[Problem statement] Below are the records; copy each line in which "circle" occurs.

[Dataset entries]
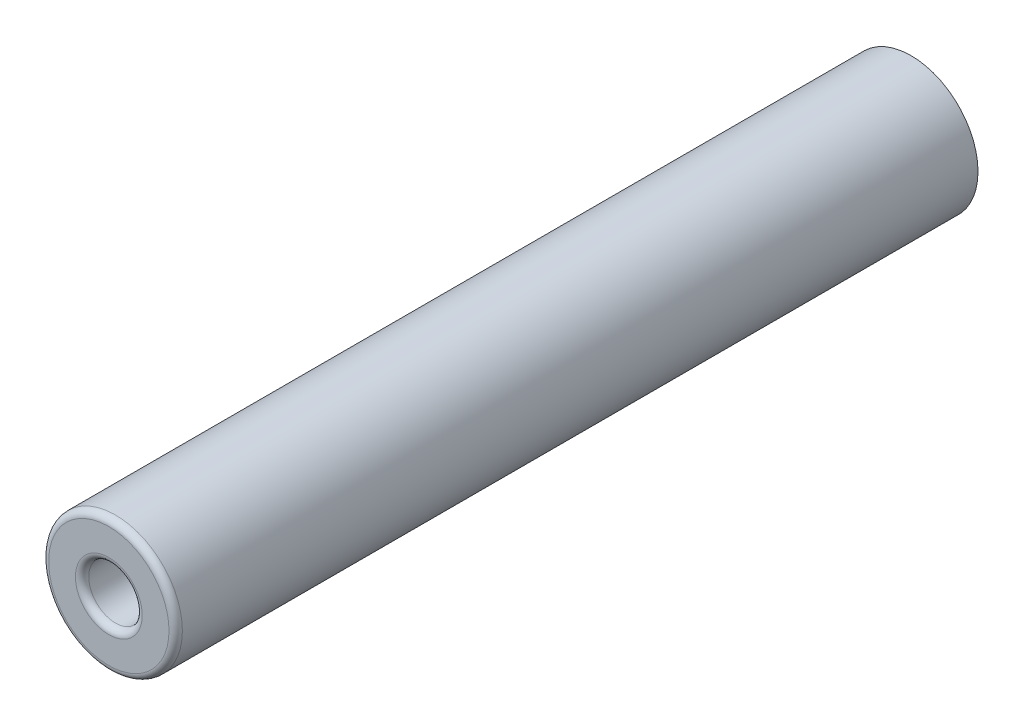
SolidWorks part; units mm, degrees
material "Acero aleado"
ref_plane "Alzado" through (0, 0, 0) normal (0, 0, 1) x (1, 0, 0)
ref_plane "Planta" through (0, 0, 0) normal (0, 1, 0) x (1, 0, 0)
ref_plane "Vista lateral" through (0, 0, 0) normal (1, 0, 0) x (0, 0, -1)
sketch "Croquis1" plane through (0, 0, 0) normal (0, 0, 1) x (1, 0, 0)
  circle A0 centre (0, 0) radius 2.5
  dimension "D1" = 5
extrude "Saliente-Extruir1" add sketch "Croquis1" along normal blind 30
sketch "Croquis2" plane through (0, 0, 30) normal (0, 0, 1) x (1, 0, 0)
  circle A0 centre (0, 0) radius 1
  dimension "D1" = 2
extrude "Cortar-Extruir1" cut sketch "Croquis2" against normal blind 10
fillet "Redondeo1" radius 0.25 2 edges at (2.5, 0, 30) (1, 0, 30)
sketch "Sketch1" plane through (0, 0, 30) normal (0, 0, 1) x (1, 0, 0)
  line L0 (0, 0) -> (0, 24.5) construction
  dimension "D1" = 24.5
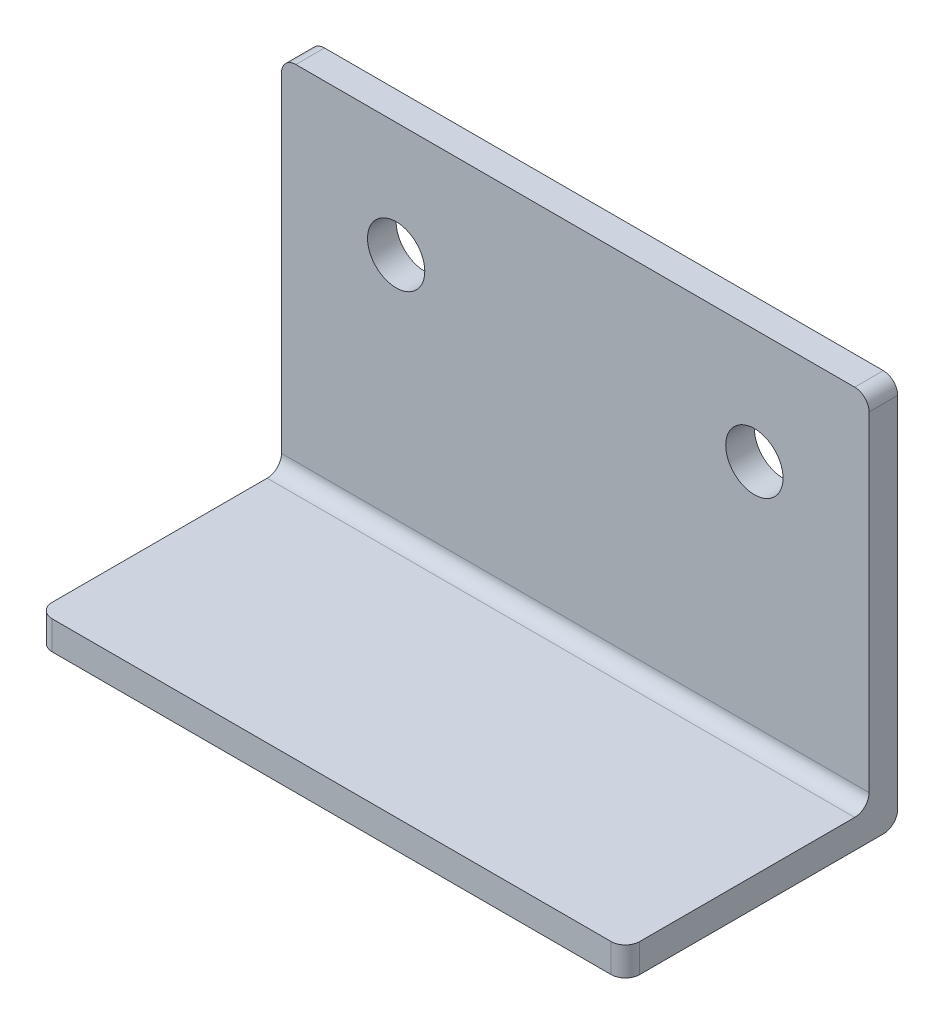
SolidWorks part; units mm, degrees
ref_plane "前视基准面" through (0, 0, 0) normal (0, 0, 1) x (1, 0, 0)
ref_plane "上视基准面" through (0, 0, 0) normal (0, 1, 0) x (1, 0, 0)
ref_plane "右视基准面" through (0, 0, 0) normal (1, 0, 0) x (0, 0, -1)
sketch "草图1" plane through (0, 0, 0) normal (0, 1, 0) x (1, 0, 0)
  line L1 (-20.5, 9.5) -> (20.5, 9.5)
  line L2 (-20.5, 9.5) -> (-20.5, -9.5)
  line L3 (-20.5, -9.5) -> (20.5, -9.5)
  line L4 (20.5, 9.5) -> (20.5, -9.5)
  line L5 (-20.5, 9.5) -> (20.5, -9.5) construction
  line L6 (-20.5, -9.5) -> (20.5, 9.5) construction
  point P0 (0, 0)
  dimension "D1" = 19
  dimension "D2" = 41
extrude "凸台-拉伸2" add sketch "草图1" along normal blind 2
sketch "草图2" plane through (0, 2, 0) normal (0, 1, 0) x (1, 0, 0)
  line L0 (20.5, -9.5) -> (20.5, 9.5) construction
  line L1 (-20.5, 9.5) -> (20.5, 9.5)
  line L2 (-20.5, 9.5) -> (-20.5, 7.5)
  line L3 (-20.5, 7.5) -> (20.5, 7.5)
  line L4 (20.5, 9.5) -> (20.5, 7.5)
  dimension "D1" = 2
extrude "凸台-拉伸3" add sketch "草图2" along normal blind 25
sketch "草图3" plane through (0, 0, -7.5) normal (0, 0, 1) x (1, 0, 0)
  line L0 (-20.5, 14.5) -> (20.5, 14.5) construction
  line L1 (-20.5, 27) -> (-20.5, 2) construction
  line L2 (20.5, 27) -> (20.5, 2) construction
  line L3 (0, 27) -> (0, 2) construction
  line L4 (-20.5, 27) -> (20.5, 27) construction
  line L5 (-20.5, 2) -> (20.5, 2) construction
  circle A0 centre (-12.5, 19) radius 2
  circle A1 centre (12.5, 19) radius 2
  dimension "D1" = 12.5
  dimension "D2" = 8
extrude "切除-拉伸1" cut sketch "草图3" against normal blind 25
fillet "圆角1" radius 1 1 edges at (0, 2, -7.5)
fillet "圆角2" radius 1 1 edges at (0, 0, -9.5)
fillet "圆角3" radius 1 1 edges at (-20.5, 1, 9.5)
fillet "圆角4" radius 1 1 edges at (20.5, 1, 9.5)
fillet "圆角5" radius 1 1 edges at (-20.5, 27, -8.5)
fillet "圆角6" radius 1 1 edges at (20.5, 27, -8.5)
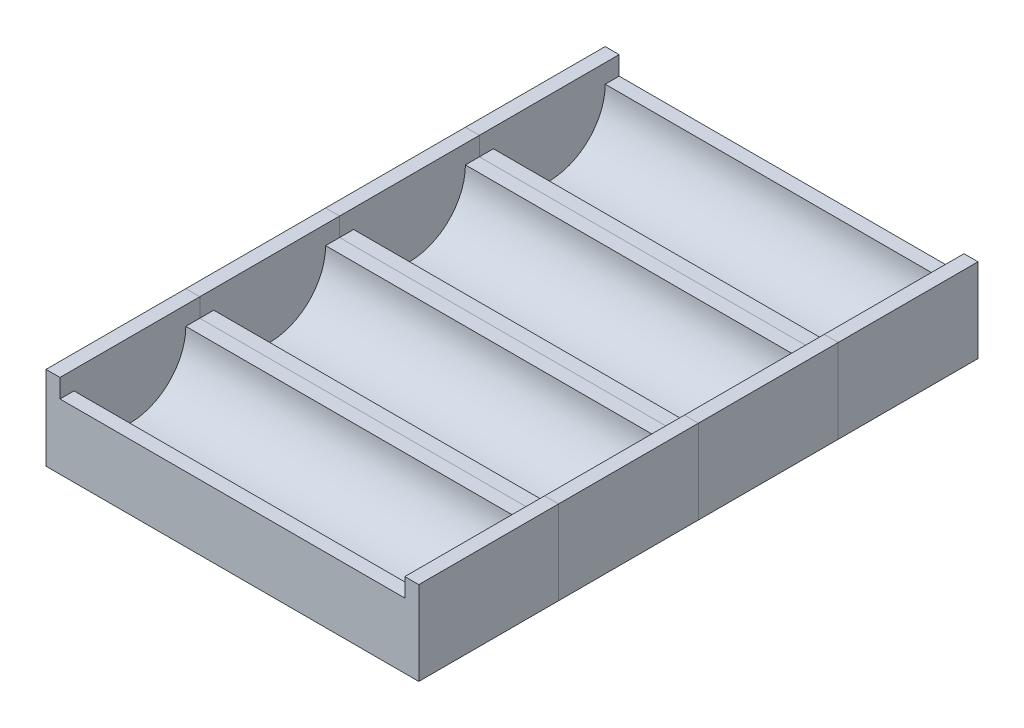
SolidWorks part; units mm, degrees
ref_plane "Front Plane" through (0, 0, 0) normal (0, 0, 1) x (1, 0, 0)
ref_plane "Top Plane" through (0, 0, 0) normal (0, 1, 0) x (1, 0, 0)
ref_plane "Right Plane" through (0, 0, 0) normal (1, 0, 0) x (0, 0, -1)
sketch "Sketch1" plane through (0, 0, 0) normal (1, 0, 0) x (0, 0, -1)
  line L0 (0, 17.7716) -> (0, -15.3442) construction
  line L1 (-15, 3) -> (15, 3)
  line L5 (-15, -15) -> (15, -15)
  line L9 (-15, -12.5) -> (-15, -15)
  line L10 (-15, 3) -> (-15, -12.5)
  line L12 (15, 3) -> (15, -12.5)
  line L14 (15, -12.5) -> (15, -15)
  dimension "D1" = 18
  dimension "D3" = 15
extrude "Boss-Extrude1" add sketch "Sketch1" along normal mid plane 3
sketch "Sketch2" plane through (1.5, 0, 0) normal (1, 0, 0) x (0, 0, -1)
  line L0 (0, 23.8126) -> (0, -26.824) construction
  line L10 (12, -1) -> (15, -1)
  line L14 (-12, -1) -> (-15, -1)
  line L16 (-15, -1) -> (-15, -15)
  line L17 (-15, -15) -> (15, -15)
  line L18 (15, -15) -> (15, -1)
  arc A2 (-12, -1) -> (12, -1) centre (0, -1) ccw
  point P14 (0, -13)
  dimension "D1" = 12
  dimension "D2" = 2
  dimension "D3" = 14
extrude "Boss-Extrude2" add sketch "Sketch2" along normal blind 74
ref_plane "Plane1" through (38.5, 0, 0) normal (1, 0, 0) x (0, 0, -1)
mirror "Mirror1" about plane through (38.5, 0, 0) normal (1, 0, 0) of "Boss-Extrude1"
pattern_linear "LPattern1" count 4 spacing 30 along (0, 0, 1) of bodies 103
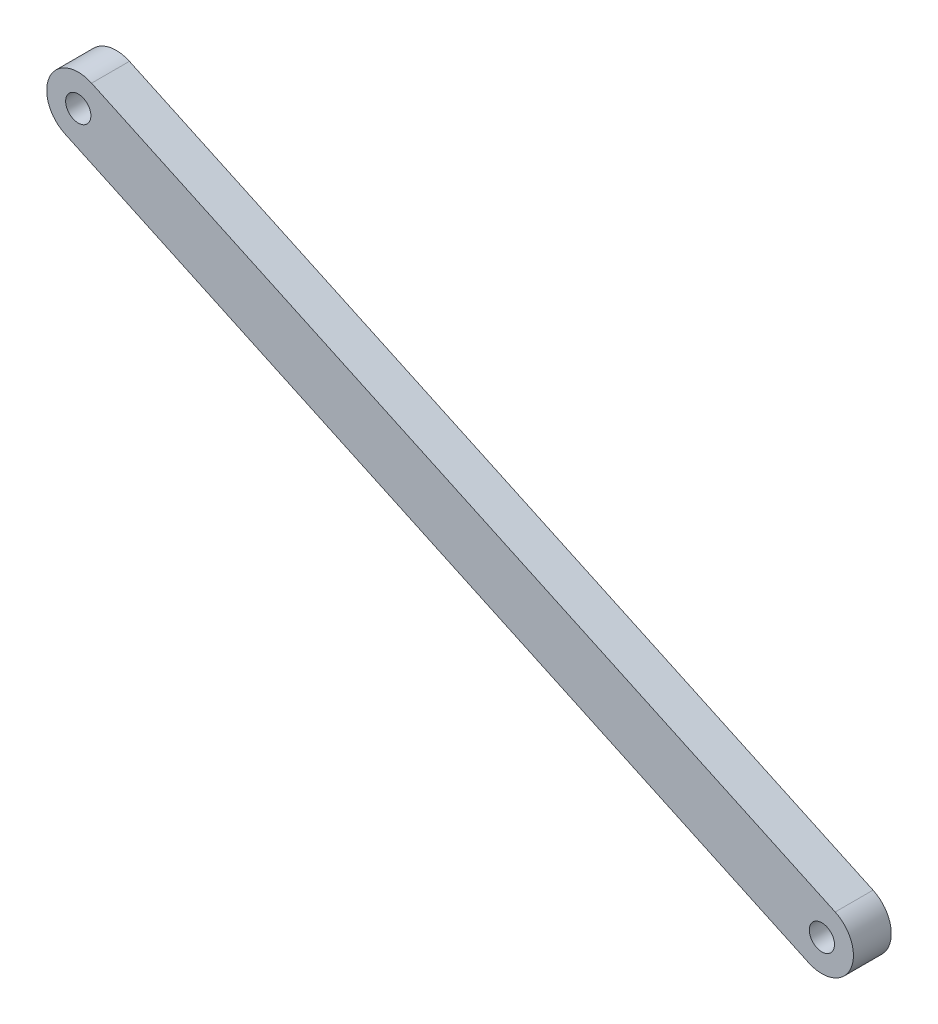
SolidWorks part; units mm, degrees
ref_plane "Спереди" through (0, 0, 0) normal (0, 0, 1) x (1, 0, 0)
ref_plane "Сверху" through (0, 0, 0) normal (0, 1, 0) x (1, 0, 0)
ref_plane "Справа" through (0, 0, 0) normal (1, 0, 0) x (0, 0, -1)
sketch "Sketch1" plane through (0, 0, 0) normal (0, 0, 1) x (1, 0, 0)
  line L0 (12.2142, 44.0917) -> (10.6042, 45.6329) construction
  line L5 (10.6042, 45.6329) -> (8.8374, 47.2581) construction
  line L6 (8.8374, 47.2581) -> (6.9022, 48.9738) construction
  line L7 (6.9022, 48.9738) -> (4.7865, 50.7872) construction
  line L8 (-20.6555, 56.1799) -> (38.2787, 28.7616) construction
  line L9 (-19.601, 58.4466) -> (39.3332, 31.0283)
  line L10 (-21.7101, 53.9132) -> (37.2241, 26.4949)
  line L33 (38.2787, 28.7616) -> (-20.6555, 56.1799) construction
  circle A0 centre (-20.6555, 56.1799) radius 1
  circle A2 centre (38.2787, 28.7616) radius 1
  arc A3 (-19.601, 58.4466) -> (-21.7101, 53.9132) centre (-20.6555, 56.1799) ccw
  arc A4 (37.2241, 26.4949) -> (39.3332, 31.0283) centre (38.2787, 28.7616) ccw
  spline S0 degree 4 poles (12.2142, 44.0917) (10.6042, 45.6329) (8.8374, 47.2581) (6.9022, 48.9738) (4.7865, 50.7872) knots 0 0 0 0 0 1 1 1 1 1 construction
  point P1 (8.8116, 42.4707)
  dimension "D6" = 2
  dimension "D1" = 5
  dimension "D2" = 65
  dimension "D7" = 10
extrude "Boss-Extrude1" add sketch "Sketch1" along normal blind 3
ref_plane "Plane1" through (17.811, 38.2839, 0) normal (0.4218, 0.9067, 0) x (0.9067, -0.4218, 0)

[Reply]
  circle A0 centre (0, 0) radius 2.5
  circle A0 centre (0, 0) radius 1
  circle A0 centre (-12.5, 19) radius 2
  circle A1 centre (12.5, 19) radius 2
  circle A0 centre (-20.6555, 56.1799) radius 1
  circle A2 centre (38.2787, 28.7616) radius 1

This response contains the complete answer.